1/2/2017
·Enable high contrast reading
Looking Back, 2016 Highlights, Top Videos & Blogs. And Looking Forward to 2017.
Happy New Year to our Courageous Parents Network community. I hope that the December holidays and end-of-year featured peaceful moments with those you love who make you happy. I spent the last week of the year being pretty quiet, spending as much time as I could on the sofa, reading and reflecting about the year we’ve had in 2016 and the year we will work to have with you in 2017.
2016 was an exciting year of growth and solidification for Courageous Parents Network. We:
- Launched our private discussion forum so parents can connect directly with each other.
- Captured and shared new parent stories as videos, blogs, and podcasts so parents can hear and learn from each other. See below for the top 5 Videos and the Top 3 Blog posts of the year.
- Shared Courageous Parents Network in person with 500 medical providers at Pediatric Rounds in hospitals up and down New England. Because providers are the #1 way parents are learning about the Network.
- Reached 13,500 parents of seriously ill children and their medical providers through our Web site and social media. There are approximately 400,000 parents out there to connect with and learn from so we’ve got a lot of outreach to do! You can help by sharing with your own network.
- Had our best fundraising year yet to help us do all we have planned for the year ahead. Thank you to the hundreds of individual donors who stepped up to make this possible!!!!!
Which brings me to our plans for the year ahead and how we intend to bring you—the Network— the guidance, perspective and validation you seek.
First and foremost, we are going to re-listen to all of our parent and provider stories and offer you their wisdom and gems in new ways. I am struck by how every time I listen to a podcast or watch a video, I hear something I haven’t heard before.
Of course, we will also capture and produce new stories from additional courageous families and the dedicated providers who care for their children. Our intention is to feature families affected by other rare diseases and topics that you, our audience, tell us you are looking for.
Lastly, we will be reaching out to you, our audience, to ask you how you are using Courageous Parents Network, how it is helping you, and what we can do better. I invite you to respond.
From everybody on the Courageous Parents Network team, I extend our deepest gratitude to you. Time is one of the most precious commodities and we care deeply that every moment you spend with us in 2017 is time well-spent for you and ultimately for your family.
May 2017 bring you the people, resources, love and kindnesses to sustain you and your family.
Hugs,
Blyth, Executive Director
TOP 5 VIDEOS
#1 Jessica, on being Rachel’s Big Sister
The experience of what it’s like for the healthy siblings is a really big deal both for the parents and the medical providers who think about the well-being of the entire family. To hear 18-year old Jessica is to be given a rare glimpse into how brothers and sisters love and cherish and learn from their medically-fragile siblings.
#2 Dr.

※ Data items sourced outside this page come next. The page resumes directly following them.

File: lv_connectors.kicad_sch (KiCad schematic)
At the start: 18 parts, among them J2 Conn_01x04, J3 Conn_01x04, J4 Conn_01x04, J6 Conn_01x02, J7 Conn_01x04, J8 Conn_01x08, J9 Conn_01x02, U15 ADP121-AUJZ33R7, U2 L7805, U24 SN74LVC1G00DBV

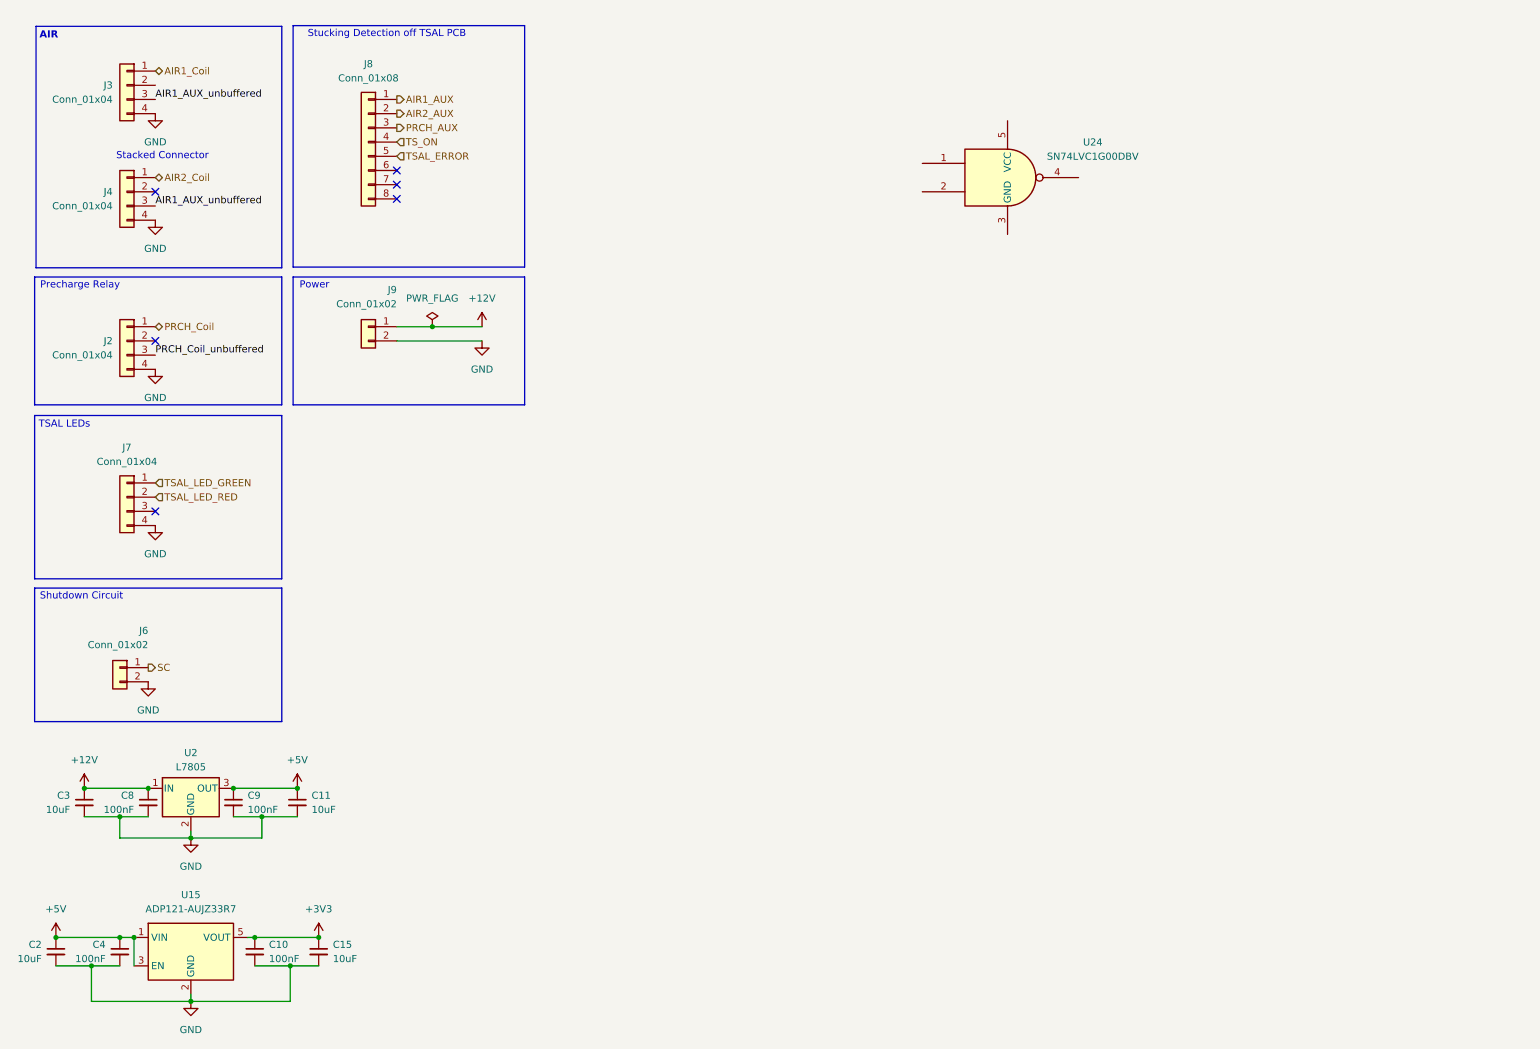
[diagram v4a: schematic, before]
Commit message: Added decoupling Caps
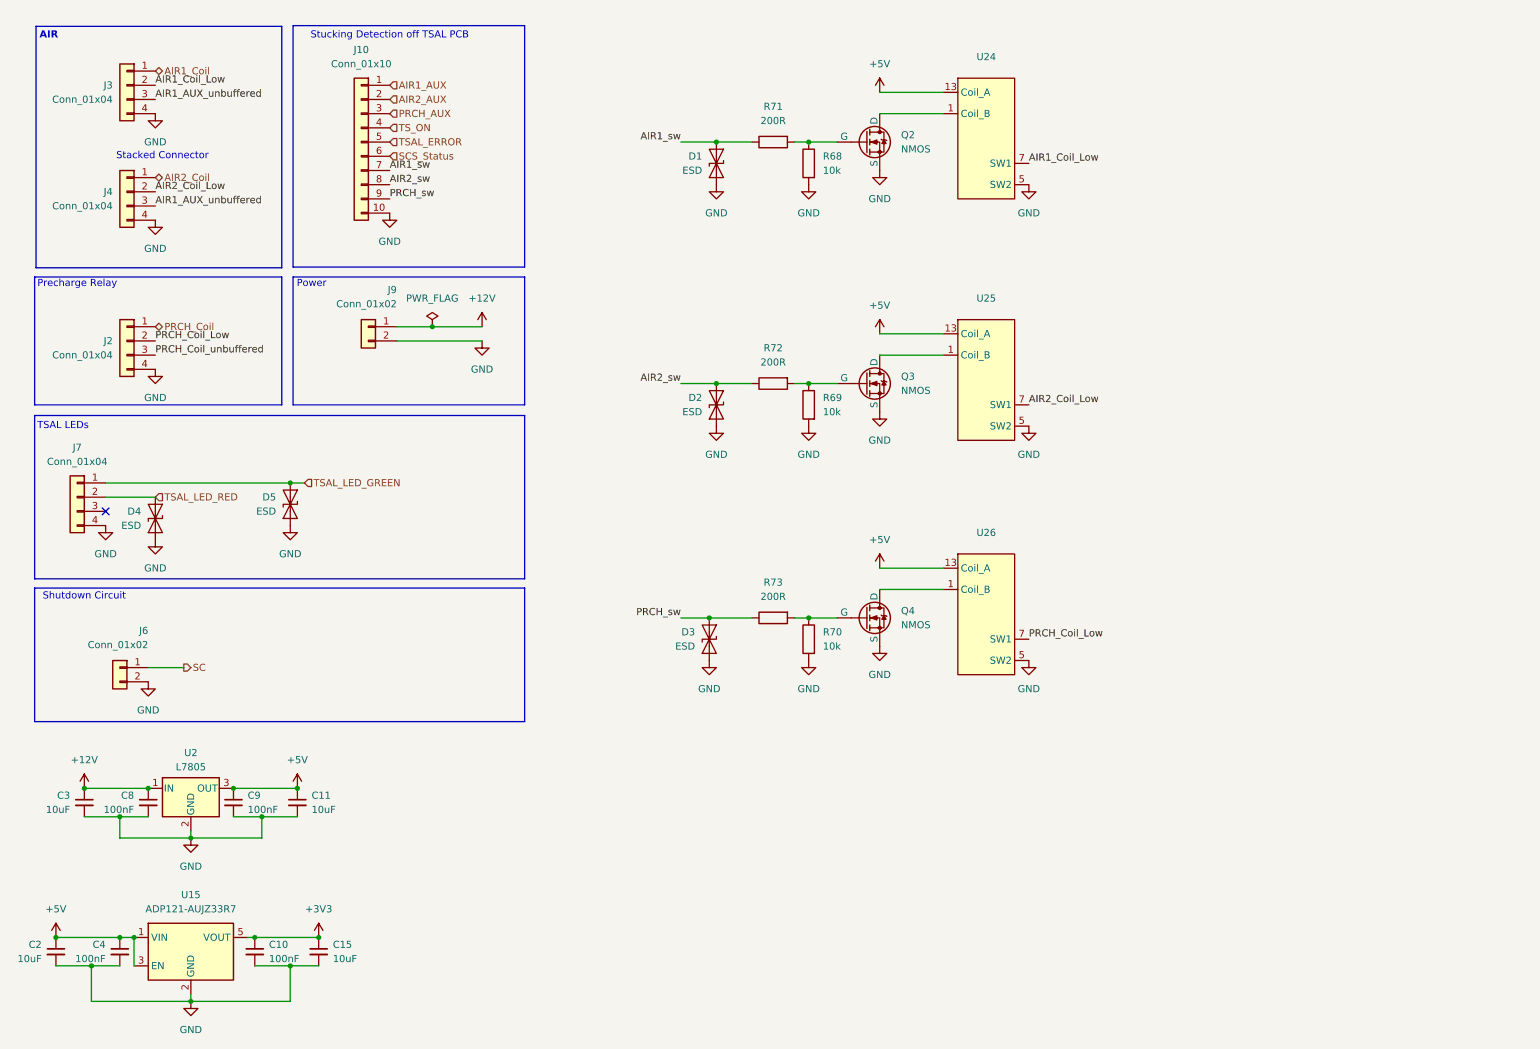
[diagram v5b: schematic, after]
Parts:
- removed J8: Conn_01x08, symbol Connector_Generic:Conn_01x08
- removed U24: SN74LVC1G00DBV, Package_TO_SOT_SMD:SOT-23-5, symbol 74xGxx:SN74LVC1G00DBV
- added D1, D2, D3, D4, D5: ESD, Diode_SMD:Infineon_SG-WLL-2-3_0.58x0.28_P0.36mm, symbol Diode:ESD131-B1-W0201
- added J10: Conn_01x10, symbol Connector_Generic:Conn_01x10
- added Q2, Q3, Q4: NMOS, symbol Simulation_SPICE:NMOS
- added R68, R69, R70: 10k, symbol Device:R
- added R71, R72, R73: 200R, symbol Device:R
- added U24, U25, U26: ~, symbol Zettler:AZ9371
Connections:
- net +5V: now also U24.13 (Coil_A), U25.13 (Coil_A), U26.13 (Coil_A)
- net AIR1_AUX: now also J10.1 (Pin_1)
- net AIR2_AUX: now also J10.2 (Pin_2)
- net GND: now also D1.1 (A1), D2.1 (A1), D3.1 (A1), D4.1 (A1), D5.1 (A1), J10.10 (Pin_10), Q2.3 (S), Q3.3 (S), Q4.3 (S), R68.2, R69.2, R70.2, U24.5 (SW2), U25.5 (SW2), U26.5 (SW2)
- net PRCH_AUX: now also J10.3 (Pin_3)
- net TSAL_ERROR: now also J10.5 (Pin_5)
- net TSAL_LED_GREEN: now also D5.2 (A2)
- net TSAL_LED_RED: now also D4.2 (A2)
- net TS_ON: now also J10.4 (Pin_4)
- net AIR1_Coil_Low: now reaches J3.2 (Pin_2)
- net AIR1_Coil_Low: now also U24.7 (SW1)
- net AIR2_Coil_Low: now reaches J4.2 (Pin_2)
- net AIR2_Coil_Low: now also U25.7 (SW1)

Joanne Wolfe presents on Pediatric Palliative Care as a Social Issue
Unfortunately but not surprisingly, our country’s policy makers and top philanthropists are not focused on the needs and experiences of families of children with serious illness. But we’re working to change that by promoting the value of pediatric palliative care and showing the tremendously positive impact it has, and by collaborating with the leading palliative care doctors in the country, one of whom is Dr. Wolfe.
#3 Two SMA Type 1 Families. Two Paths.
Caring for a child with serious, life-threatening illness involves many difficult decisions for parents, including those involving medical interventions. Perhaps no decision is more weighty than whether to select a tracheostomy for the child. Here, two sets of parents make different decisions.
#4 When the time comes: The last hour of Talon’s life.
Courageous parents, Kristina and Chad, describe the moments leading up to and then following their son Talon’s death.
#5 I wish there had been more support and fewer decisions at the beginning.
Courageous parents, Heidi and Greg, talk about how pressed and rushed they felt after their daughter Abby’s diagnosis– to make decisions, adapt to highly medical matters, and mourn the life their child was not going to have.
TOP BLOG POSTS
Genny, courageous mom of June, writes poignantly about the shift that happened for her when she accepted that June was dying.
Another sibling, Eliza, age 15, reflects on the big sister she never knew. Cameron died at age 2 when Eliza was 10-weeks old. Cameron’s life was the seed for Courageous Parents Network.
#3 “I will never stop fighting”
Courageous mom Barb is boldly and beautifully honest about the relentless and exhausting determination required to care for her medically fragile son Jake, now 21.